Many thanks Fugolman for IDing these as Chandler Robbins' bins.

That's Chandler S. "Golden Guide" Robbins for those that forgot. Like me. Not that I'll forget again! And the Breeding Bird Survey. And Breeding Bird Atlas. Yikes! Amongst others.

http://www.pwrc.usgs.gov/research/scimtgs/2006/presentations/james_Robbins1.pdf

Actually those bins belong to the notable birder Chandler Robbins and are supposedly still in use. Methinks I would have retired them but who knows. . .they could be his lucky bins. |:D|

http://www.pwrc.usgs.gov/whatsnew/events/robbins/images/chanleaf_IMG069_lg.jpg

I think in the above pic those may be the same bins with the leather wrapping intact.

There are quite a few pics in various states in the Gallery where the leather armor stands out. And you can clearly see that these are the same bins (with the "field marks" on the end of the left barrel being diagnostic!).

http://www.pwrc.usgs.gov/whatsnew/events/robbins/photo_gallery.cfm

Like this one

http://www.pwrc.usgs.gov/whatsnew/events/robbins/images/Robbins2.jpg

and more clearly

http://www.pwrc.usgs.gov/whatsnew/events/robbins/images/Chan2_lg.jpg

and perhaps best of all

http://www.pwrc.usgs.gov/whatsnew/events/robbins/images/chan_dirt_IMG22_lg.jpg

The photo, taken by Laura Erickson, is in Flicker too in the original size too and the meium I've attached to this post.

http://www.flickr.com/photos/48014585@N00/3173109880/sizes/l/

Anyone care to ID the bins?

Laura Erickson took this photo on February 17, 2007 and helpfully placed the original photo on Flickr. High resolution is very useful. It shows some lettering around the inside of the barrels. Pushing the exposure in an image viewer and I can read most of them.

The right barrel has " X 50mm" and "7° 10'" (I think) and "FULLY COATED". I think the magnification is "10 X 50mm". It's certainly two characters.
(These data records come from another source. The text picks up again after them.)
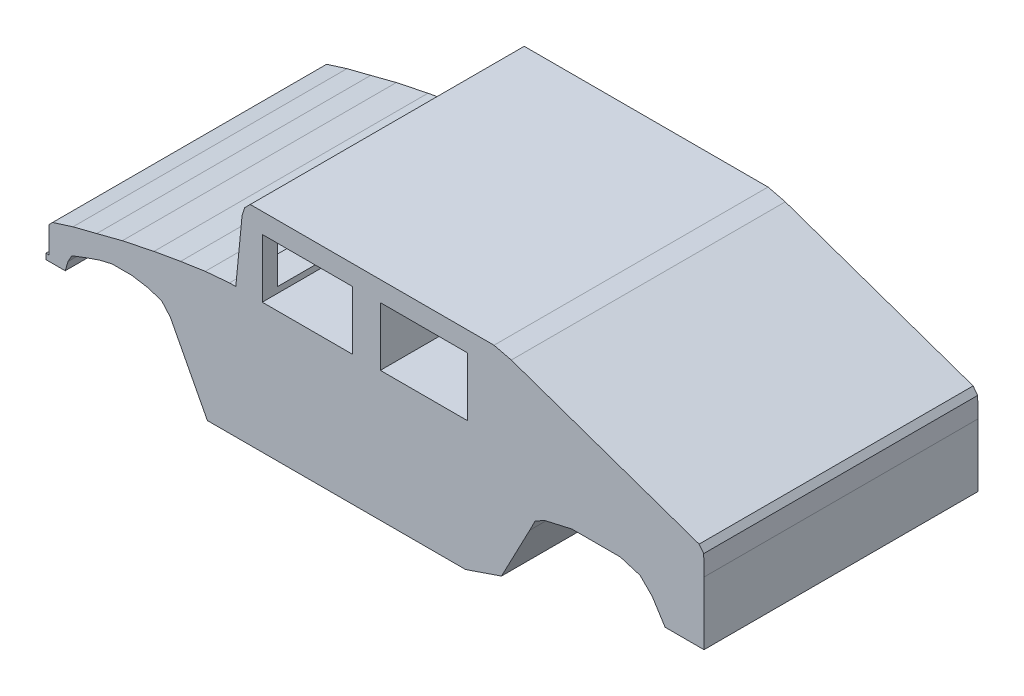
from build123d import *

# Parameters (mm, degrees)
EXTRUDE1_DEPTH     = 150
SKETCH2_W          = 49.298496038
SKETCH2_H          = 32.135315936
SKETCH2_W_2        = 47.837799858
CUT_EXTRUDE1_DEPTH = 150
SKETCH3_W          = 134.99868738
SKETCH3_H          = 27.09229113
CUT_EXTRUDE2_DEPTH = 20


with BuildPart() as part:
    # Sketch1 → Extrude1 (new body)
    with BuildSketch(Plane.XY):
        Polygon((-118.530936898, -6.633049378), (-123.315790789, -1.210214968), (-131.077887101, 1.235377021), (-139.690624105, 2.617668145), (-150.429962839, 2.617668145), (-157.235088373, 1.022716848), (-164.571864339, -1.529205227), (-172.440290738, -4.506447648), (-174.566892467, -8.334330761), (-176.055513678, -13.438174912), (-186.582192239, -13.438174912), (-186.582192239, -10.354602404), (-184.880910855, -10.354602404), (-184.880910855, 4.106289356), (-182.966969299, 6.020230912), (-171.802310219, 9.529123766), (-158.83003967, 12.825356447), (-144.794468256, 16.440579387), (-127.462664161, 20.055802326), (-112.895442315, 22.607724402), (-99.391521333, 24.627996045), (-86.121526623, 25.776360974), (-82.676431684, 25.776360974), (-79.231336746, 61.248079229), (-77.827779548, 65.58634693), (-74.765472936, 68.648653542), (58.700056904, 68.648653542), (68.142168958, 66.351923583), (170.984632679, 30.497417), (173.488753661, 27.243716225), (173.664150964, 16.206652811), (173.664150964, -18.244296574), (152.355600789, -18.244296574), (145.337814803, -7.143435106), (138.702817143, -0.508437446), (127.857147893, 2.809061383), (115.480325336, 2.809061383), (101.317157255, 2.809061383), (86.771200848, -0.508437446), (81.284568168, -3.315551841), (78.222261556, -9.312568956), (62.783132387, -38.787270097), (43.133331627, -45.489442613), (-81.740726979, -45.549861026), (-98.221890382, -45.549861026), align=None)
    extrude(amount=EXTRUDE1_DEPTH)

    # Sketch2 → Cut-Extrude1 (cut)
    with BuildSketch(Plane.XY.offset(150)):
        with Locations((-43.524186177, 41.676254948)):
            Rectangle(SKETCH2_W, SKETCH2_H)
        with Locations((20.38127165, 41.676254948)):
            Rectangle(SKETCH2_W_2, SKETCH2_H)
    extrude(amount=-CUT_EXTRUDE1_DEPTH, mode=Mode.SUBTRACT)

    # Sketch3 → Cut-Extrude2 (cut)
    with BuildSketch(Plane(origin=(-84.383919497, 8.195560527, 0), x_dir=(0, 0, 1), z_dir=(-0.995316735, 0.096667453, 0))):
        with Locations((74.261219998, 35.654596801)):
            Rectangle(SKETCH3_W, SKETCH3_H)
    extrude(amount=-CUT_EXTRUDE2_DEPTH, mode=Mode.SUBTRACT)


solid = part.part
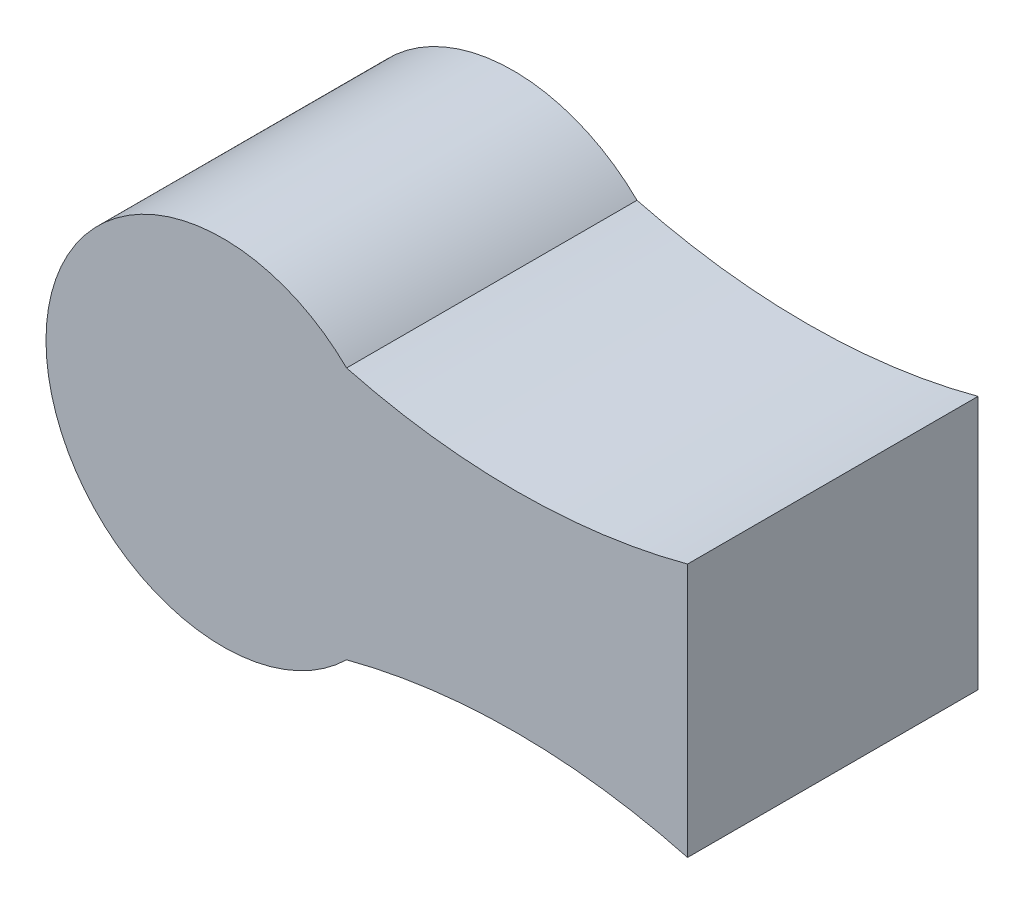
from build123d import *

# Parameters (mm, degrees)
DODANIE_WYCI_GNI_CIE2_DEPTH     = 80
SZKIC5_W                        = 35.6
SZKIC5_H                        = 35.6
WYTNIJ_WYCI_GNI_CIE1_DEPTH      = 17.8
WYTNIJ_WYCI_GNI_CIE1_DEPTH_BACK = 17.8


with BuildPart() as part:
    # Szkic2 → Dodanie-wyciągnięcie2 (new body)
    with BuildSketch(Plane.XY):
        with BuildLine():
            Line((175.492718802, -24.168338507), (175.492718802, 45.831661493))
            ThreePointArc((175.492718802, 45.831661493), (128.54386121, 39.614419972), (81.570021048, 45.640003906))
            ThreePointArc((81.570021048, 45.640003906), (-1.219530478, 10.831661493), (81.570021048, -23.976680919))
            ThreePointArc((81.570021048, -23.976680919), (128.54386121, -17.951096985), (175.492718802, -24.168338507))
        make_face()
    extrude(amount=DODANIE_WYCI_GNI_CIE2_DEPTH)

    # Szkic5 → Wytnij-wyciągnięcie1 (cut, two sides)
    with BuildSketch(Plane.XY.offset(40)) as wytnij_wyci_gni_cie1_sk:
        with Locations((135.198453221, 10.831661493)):
            Rectangle(SZKIC5_W, SZKIC5_H)
    extrude(amount=WYTNIJ_WYCI_GNI_CIE1_DEPTH, mode=Mode.SUBTRACT)
    extrude(wytnij_wyci_gni_cie1_sk.sketch, amount=-WYTNIJ_WYCI_GNI_CIE1_DEPTH_BACK, mode=Mode.SUBTRACT)


solid = part.part
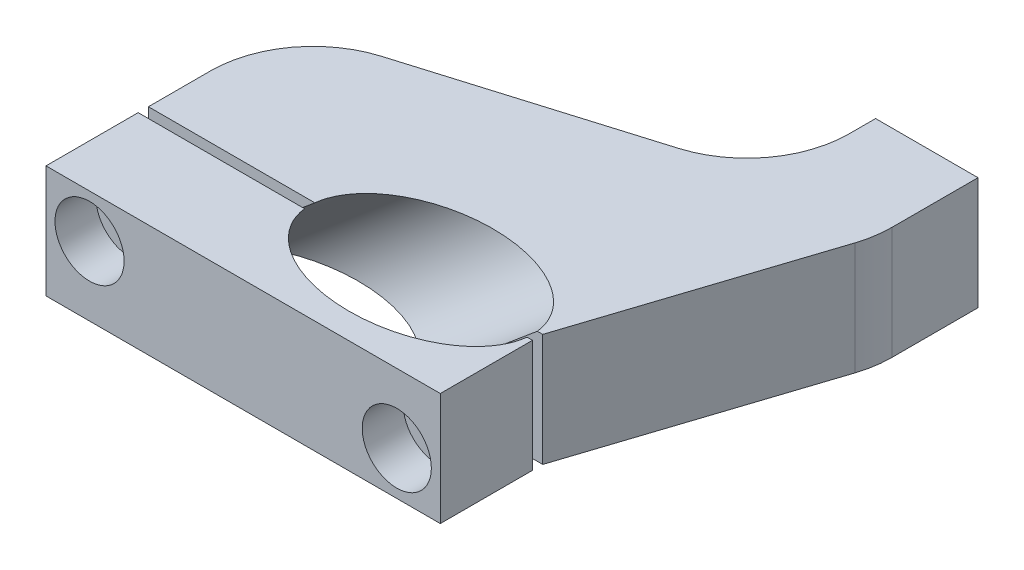
from build123d import *

# Parameters (mm, degrees)
BOSS_EXTRU_1_DEPTH      = 22
ESQUISSE1_W             = 77
ESQUISSE1_H             = 18
BOSS_EXTRU_1_2_DEPTH    = 22
ESQUISSE4_R             = 4
ENL_V_MAT_EXTRU_1_DEPTH = 22
CONG_1_R                = 20
CONG_2_R                = 20
ESQUISSE8_R             = 6.75
ENL_V_MAT_EXTRU_2_DEPTH = 8
ESQUISSE9_R             = 4
ENL_V_MAT_EXTRU_3_DEPTH = 30
CONG_3_R                = 20


with BuildPart() as part:
    # Esquisse1 → Boss.-Extru.1 (new body)
    with BuildSketch(Plane(origin=(0, 0, 0), x_dir=(1, 0, 0), z_dir=(0, 1, 0))):
        Polygon((-28, 1), (49, 1), (65, 50), (65, 70), (45, 70), (45, 50), (-28, 28), align=None)
    extrude(amount=BOSS_EXTRU_1_DEPTH)


with BuildPart() as body_2:
    # Esquisse1 → Boss.-Extru.1 2 (new body)
    with BuildSketch(Plane(origin=(0, 0, 0), x_dir=(1, 0, 0), z_dir=(0, 1, 0))):
        with Locations((10.5, -10)):
            Rectangle(ESQUISSE1_W, ESQUISSE1_H)
    extrude(amount=BOSS_EXTRU_1_2_DEPTH)


with BuildPart() as enl_vement_de_mati_re_r_volution1_tool:
    # Esquisse3 → Enlèvement de matière-Révolution1 (revolve)
    with BuildSketch(Plane.XY):
        Polygon((-42.132444372, -35.353318533), (42.132444372, 35.353318533), (33.133417836, 46.077940736), (-51.131470907, -24.628696329), align=None)
    revolve(axis=Axis((-42.132444372, -35.353318533, 0), (0.766044443, 0.64278761, 0)))


with BuildPart() as part_1:
    add(part.part)

    # Enlèvement de matière-Révolution1: cut by enl_vement_de_mati_re_r_volution1_tool
    add(enl_vement_de_mati_re_r_volution1_tool.part, mode=Mode.SUBTRACT)

    # Esquisse4 → Enlèv. mat.-Extru.1 (cut)
    with BuildSketch(Plane(origin=(0, 0, -70), x_dir=(-1, 0, 0), z_dir=(0, 0, -1))):
        with Locations((-55, 11)):
            Circle(ESQUISSE4_R)
    extrude(amount=-ENL_V_MAT_EXTRU_1_DEPTH, mode=Mode.SUBTRACT)

    # Congé1
    cong_1_edges = [part_1.edges().sort_by_distance(p)[0] for p in [
        (45, 11, -50),
    ]]
    fillet(cong_1_edges, radius=CONG_1_R)

    # Congé2
    cong_2_edges = [part_1.edges().sort_by_distance(p)[0] for p in [
        (65, 11, -50),
    ]]
    fillet(cong_2_edges, radius=CONG_2_R)


with BuildPart() as body_2_1:
    add(body_2.part)

    # Enlèvement de matière-Révolution1: cut by enl_vement_de_mati_re_r_volution1_tool
    add(enl_vement_de_mati_re_r_volution1_tool.part, mode=Mode.SUBTRACT)

    # Esquisse8 → Enlèv. mat.-Extru.2 (cut)
    with BuildSketch(Plane.XY.offset(19)):
        with Locations((40.5, 8.5)):
            Circle(ESQUISSE8_R)
        with Locations((-19.5, 13.5)):
            Circle(ESQUISSE8_R)
    extrude(amount=-ENL_V_MAT_EXTRU_2_DEPTH, mode=Mode.SUBTRACT)


with BuildPart() as enl_v_mat_extru_3_tool:
    # Esquisse9 → Enlèv. mat.-Extru.3 (new body)
    with BuildSketch(Plane.XY.offset(11)):
        with Locations((-19.5, 13.5)):
            Circle(ESQUISSE9_R)
        with Locations((40.5, 8.5)):
            Circle(ESQUISSE9_R)
    extrude(amount=-ENL_V_MAT_EXTRU_3_DEPTH)


with BuildPart() as part_2:
    add(part_1.part)

    # Enlèv. mat.-Extru.3: cut by enl_v_mat_extru_3_tool
    add(enl_v_mat_extru_3_tool.part, mode=Mode.SUBTRACT)

    # Congé3
    cong_3_edges = [part_2.edges().sort_by_distance(p)[0] for p in [
        (-28, 11, -28),
    ]]
    fillet(cong_3_edges, radius=CONG_3_R)


with BuildPart() as body_2_2:
    add(body_2_1.part)

    # Enlèv. mat.-Extru.3: cut by enl_v_mat_extru_3_tool
    add(enl_v_mat_extru_3_tool.part, mode=Mode.SUBTRACT)


solid = Compound([part_2.part, body_2_2.part])

The mangled left barrel appears to have "BUSHNELL" and "...TED" which I presume is "COATED" also. So just those mangled letters after bushnell remain unidentified.

So a fullly coated Bushnell 10x50mm porro. With quite a wide field for a 10x at more than 7 degrees (you won't see that today ... 6.8° seems to be the largest FOV one can find and that only in the "Top Four"). From the 1960s? 1970s?

Any model ID?

The closet descendent I can find is the non-waterproof Bushnell Bausch & Lomb 10x50 Legacy Wide Angle Porro Prism Binocular with 7.2° FOV and 9mm ER. No longer sold (and replaced by a more ordinary waterproof Legacy WP). I presume harking back to even earlier Bushnell wide angle porros.

The leather armor I presume is an aftermarket addition.

Clearly an expert birder using a wide angle 10x bin. Now that's "old school" ;)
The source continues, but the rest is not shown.